YOUR INSTRUCTIONS: Show each line from the records below in which the word "styles" occurs.

Stored dataset items:
▶
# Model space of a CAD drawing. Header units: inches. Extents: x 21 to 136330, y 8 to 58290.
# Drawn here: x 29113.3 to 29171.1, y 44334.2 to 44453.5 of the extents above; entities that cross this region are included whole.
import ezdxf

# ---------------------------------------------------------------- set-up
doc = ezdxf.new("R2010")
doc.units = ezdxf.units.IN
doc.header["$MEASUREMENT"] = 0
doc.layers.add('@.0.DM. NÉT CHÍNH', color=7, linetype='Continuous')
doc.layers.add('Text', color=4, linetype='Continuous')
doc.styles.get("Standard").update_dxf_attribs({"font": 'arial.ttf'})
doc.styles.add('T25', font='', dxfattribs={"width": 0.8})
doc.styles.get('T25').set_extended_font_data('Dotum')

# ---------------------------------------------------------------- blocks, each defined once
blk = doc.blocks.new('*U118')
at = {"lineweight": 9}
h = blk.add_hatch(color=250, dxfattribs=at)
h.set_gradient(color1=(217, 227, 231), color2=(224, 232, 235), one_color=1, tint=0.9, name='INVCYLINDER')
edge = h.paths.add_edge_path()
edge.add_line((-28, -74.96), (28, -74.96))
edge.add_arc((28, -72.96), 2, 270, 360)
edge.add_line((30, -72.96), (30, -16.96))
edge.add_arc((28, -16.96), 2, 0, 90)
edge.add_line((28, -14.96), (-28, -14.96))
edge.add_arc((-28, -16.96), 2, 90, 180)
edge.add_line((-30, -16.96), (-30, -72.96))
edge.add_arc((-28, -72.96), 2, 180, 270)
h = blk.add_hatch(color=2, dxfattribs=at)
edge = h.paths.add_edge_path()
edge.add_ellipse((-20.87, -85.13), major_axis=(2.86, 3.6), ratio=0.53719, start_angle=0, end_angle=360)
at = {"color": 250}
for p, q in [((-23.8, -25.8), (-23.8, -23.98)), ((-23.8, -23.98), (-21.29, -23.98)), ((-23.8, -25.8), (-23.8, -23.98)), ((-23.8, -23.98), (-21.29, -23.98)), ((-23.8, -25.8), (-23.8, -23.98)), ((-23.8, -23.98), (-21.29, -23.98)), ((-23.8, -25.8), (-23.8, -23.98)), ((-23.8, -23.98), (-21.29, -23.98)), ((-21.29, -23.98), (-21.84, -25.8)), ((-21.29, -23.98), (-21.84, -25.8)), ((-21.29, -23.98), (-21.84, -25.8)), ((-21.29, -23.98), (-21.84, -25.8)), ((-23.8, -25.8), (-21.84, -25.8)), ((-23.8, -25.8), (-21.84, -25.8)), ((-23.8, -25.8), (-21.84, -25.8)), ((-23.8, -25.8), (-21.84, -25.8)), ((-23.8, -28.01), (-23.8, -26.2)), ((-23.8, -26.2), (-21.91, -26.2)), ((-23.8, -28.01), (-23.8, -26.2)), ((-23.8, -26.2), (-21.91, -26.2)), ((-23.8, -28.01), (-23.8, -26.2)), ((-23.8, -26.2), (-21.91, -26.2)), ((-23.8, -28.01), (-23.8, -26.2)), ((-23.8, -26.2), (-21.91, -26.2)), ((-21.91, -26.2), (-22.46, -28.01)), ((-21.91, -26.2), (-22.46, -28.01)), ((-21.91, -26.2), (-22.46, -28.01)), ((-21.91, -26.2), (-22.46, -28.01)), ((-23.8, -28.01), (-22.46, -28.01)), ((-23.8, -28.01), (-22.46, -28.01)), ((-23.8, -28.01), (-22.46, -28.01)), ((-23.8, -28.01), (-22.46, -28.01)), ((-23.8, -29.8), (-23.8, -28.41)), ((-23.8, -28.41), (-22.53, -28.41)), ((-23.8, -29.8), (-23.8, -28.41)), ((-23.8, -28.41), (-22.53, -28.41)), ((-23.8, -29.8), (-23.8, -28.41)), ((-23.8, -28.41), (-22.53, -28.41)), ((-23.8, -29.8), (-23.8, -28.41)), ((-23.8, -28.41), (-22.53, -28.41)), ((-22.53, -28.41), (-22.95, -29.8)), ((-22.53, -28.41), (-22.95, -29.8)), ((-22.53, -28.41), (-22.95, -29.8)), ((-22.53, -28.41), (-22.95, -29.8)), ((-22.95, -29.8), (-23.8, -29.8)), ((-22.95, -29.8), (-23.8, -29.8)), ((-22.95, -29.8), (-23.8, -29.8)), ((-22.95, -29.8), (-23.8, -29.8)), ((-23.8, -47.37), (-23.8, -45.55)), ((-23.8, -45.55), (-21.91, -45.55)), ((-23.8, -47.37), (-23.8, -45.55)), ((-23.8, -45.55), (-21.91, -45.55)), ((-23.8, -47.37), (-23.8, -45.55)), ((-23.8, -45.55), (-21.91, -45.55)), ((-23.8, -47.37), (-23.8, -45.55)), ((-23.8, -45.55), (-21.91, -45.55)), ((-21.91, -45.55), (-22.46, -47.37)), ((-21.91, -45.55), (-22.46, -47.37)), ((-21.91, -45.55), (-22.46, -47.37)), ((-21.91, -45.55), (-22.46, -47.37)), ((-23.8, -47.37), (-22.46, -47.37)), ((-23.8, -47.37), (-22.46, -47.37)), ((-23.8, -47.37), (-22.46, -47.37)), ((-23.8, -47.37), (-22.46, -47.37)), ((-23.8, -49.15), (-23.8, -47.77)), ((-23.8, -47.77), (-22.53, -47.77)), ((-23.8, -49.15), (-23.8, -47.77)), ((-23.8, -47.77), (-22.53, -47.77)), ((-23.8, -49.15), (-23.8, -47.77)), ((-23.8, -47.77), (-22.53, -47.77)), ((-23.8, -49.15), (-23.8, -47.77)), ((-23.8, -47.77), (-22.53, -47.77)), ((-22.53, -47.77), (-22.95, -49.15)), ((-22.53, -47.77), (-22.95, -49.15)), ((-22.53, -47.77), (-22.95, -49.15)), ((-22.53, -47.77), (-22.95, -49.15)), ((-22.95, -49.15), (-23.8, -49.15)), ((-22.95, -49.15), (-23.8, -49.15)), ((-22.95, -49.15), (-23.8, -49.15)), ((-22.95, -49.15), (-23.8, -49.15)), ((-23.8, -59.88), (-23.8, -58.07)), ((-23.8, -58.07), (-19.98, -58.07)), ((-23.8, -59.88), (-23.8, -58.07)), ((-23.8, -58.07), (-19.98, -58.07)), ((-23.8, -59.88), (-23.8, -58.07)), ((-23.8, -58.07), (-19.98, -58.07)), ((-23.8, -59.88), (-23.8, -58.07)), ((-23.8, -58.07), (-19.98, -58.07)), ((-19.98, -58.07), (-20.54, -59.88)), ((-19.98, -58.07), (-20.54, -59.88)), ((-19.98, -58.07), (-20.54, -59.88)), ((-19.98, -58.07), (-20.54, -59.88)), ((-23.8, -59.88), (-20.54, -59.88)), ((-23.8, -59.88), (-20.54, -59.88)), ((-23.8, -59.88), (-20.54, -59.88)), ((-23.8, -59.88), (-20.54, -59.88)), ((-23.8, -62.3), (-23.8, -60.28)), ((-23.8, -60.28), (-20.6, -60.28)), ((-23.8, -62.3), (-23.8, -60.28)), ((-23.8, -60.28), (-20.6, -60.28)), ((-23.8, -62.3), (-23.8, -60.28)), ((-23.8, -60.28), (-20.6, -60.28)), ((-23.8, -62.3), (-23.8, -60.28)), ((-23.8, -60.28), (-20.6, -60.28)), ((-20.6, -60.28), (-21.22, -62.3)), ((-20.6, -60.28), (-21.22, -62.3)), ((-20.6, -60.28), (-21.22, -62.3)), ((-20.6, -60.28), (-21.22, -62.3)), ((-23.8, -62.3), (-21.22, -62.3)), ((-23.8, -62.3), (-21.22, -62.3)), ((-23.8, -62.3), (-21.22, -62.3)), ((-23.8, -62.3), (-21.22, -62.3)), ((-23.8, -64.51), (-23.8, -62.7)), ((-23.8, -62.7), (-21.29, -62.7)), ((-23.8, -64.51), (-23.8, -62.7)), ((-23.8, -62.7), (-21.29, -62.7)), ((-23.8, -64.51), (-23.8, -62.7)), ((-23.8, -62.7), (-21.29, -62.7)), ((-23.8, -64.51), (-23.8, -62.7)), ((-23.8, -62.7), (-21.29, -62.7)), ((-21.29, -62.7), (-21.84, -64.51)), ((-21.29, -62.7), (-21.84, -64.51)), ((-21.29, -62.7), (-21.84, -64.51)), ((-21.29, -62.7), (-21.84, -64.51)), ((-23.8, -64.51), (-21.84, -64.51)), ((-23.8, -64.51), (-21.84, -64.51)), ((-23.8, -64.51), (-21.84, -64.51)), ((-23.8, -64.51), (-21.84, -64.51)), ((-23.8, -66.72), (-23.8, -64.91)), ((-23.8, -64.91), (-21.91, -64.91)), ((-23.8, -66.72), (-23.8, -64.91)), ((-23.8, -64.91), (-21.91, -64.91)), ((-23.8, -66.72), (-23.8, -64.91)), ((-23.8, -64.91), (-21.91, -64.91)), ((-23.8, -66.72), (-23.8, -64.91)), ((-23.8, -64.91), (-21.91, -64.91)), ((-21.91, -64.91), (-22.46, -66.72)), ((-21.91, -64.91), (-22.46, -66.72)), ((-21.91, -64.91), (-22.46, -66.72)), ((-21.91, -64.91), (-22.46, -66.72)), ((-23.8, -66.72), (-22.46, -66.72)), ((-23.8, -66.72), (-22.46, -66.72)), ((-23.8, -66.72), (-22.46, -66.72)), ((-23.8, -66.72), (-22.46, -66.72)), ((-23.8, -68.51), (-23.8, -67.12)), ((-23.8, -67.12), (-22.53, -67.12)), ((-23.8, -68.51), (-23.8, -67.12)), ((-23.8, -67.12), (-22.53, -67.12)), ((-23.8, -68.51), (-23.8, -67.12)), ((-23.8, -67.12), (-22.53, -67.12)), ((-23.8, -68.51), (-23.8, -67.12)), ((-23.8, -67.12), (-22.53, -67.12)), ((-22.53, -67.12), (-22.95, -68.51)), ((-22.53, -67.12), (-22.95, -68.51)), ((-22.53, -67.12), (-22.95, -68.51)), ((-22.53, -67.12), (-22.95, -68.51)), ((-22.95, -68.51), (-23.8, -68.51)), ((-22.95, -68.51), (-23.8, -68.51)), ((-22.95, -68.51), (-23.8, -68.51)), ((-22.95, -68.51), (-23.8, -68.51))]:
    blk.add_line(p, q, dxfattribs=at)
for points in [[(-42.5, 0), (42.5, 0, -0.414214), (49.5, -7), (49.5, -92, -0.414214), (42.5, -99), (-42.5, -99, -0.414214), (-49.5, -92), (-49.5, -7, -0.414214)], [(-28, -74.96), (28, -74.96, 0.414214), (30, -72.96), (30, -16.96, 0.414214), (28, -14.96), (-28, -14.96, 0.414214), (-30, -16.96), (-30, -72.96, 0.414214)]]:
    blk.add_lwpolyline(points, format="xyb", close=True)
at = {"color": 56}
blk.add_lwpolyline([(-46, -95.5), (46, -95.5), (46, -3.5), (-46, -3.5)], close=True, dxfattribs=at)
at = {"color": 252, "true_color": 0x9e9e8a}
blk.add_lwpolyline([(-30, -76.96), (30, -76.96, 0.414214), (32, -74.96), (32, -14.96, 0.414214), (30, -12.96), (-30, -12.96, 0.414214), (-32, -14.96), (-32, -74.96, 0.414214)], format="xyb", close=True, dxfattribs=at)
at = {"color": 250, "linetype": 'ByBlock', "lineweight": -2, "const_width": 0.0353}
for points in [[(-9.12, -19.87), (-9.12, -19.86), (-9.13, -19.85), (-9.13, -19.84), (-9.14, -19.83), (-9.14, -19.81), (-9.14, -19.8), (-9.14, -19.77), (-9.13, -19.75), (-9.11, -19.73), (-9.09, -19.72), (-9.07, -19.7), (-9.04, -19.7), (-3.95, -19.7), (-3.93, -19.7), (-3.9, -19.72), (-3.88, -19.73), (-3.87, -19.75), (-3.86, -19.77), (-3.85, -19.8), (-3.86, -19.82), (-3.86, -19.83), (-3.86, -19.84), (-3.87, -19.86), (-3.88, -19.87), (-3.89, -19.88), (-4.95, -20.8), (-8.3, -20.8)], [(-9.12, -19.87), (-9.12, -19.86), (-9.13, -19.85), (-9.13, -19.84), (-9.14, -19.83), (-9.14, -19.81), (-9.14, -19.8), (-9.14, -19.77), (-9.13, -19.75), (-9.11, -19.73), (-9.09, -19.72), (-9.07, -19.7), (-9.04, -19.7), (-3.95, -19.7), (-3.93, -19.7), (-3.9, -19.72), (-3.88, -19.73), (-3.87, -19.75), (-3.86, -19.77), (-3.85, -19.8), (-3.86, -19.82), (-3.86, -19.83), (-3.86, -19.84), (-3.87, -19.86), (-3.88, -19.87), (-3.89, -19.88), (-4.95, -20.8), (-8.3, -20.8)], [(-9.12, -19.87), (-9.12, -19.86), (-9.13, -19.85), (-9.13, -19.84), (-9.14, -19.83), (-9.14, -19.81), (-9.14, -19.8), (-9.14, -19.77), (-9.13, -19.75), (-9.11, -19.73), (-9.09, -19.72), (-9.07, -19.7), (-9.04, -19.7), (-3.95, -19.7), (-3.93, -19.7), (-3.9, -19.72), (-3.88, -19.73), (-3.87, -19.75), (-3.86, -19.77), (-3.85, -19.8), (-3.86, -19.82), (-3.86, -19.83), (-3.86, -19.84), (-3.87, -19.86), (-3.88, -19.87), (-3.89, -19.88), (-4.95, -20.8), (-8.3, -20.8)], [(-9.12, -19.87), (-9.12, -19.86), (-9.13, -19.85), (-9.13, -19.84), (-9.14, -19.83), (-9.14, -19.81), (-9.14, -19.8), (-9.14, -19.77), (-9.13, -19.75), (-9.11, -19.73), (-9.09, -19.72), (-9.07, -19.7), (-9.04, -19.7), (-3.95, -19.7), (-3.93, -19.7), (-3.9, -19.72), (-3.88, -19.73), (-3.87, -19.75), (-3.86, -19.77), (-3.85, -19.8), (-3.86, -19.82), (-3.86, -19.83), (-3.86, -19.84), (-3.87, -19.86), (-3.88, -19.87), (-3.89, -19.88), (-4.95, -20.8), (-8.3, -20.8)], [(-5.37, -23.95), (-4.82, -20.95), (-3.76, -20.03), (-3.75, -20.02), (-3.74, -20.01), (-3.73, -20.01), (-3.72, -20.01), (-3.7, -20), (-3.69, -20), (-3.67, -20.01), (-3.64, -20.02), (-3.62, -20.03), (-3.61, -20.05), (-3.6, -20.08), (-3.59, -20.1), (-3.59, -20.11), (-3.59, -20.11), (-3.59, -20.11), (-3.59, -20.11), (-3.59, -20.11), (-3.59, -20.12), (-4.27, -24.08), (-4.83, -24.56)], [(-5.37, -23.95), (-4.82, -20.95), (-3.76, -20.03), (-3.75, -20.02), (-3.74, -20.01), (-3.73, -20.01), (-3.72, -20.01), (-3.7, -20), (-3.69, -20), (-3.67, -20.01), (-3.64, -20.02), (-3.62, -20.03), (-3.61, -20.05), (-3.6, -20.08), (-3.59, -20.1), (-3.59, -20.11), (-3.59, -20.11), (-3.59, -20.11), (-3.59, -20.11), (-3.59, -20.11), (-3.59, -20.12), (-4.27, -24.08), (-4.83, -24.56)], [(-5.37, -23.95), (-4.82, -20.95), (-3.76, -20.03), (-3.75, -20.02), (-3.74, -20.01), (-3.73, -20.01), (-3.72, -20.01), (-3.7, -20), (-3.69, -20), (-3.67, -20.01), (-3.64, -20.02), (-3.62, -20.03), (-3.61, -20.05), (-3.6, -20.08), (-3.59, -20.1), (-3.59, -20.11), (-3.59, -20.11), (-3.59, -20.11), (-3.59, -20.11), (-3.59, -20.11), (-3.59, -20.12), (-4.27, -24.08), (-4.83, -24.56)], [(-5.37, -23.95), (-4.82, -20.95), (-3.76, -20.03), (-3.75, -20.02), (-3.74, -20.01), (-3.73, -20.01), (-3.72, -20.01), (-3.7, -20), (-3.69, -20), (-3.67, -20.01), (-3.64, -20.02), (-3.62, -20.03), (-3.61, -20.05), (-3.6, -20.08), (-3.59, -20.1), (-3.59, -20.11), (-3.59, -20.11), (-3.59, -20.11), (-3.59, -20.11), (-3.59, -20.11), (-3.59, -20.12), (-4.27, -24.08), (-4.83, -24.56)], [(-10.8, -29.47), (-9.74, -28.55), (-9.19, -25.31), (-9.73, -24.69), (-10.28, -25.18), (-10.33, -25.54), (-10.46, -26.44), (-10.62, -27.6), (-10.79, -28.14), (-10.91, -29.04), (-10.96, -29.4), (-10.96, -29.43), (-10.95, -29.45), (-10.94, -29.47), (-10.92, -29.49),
◀
RESPONSE BELOW:
doc.styles.get("Standard").update_dxf_attribs({"font": 'arial.ttf'})
doc.styles.add('T25', font='', dxfattribs={"width": 0.8})
doc.styles.get('T25').set_extended_font_data('Dotum')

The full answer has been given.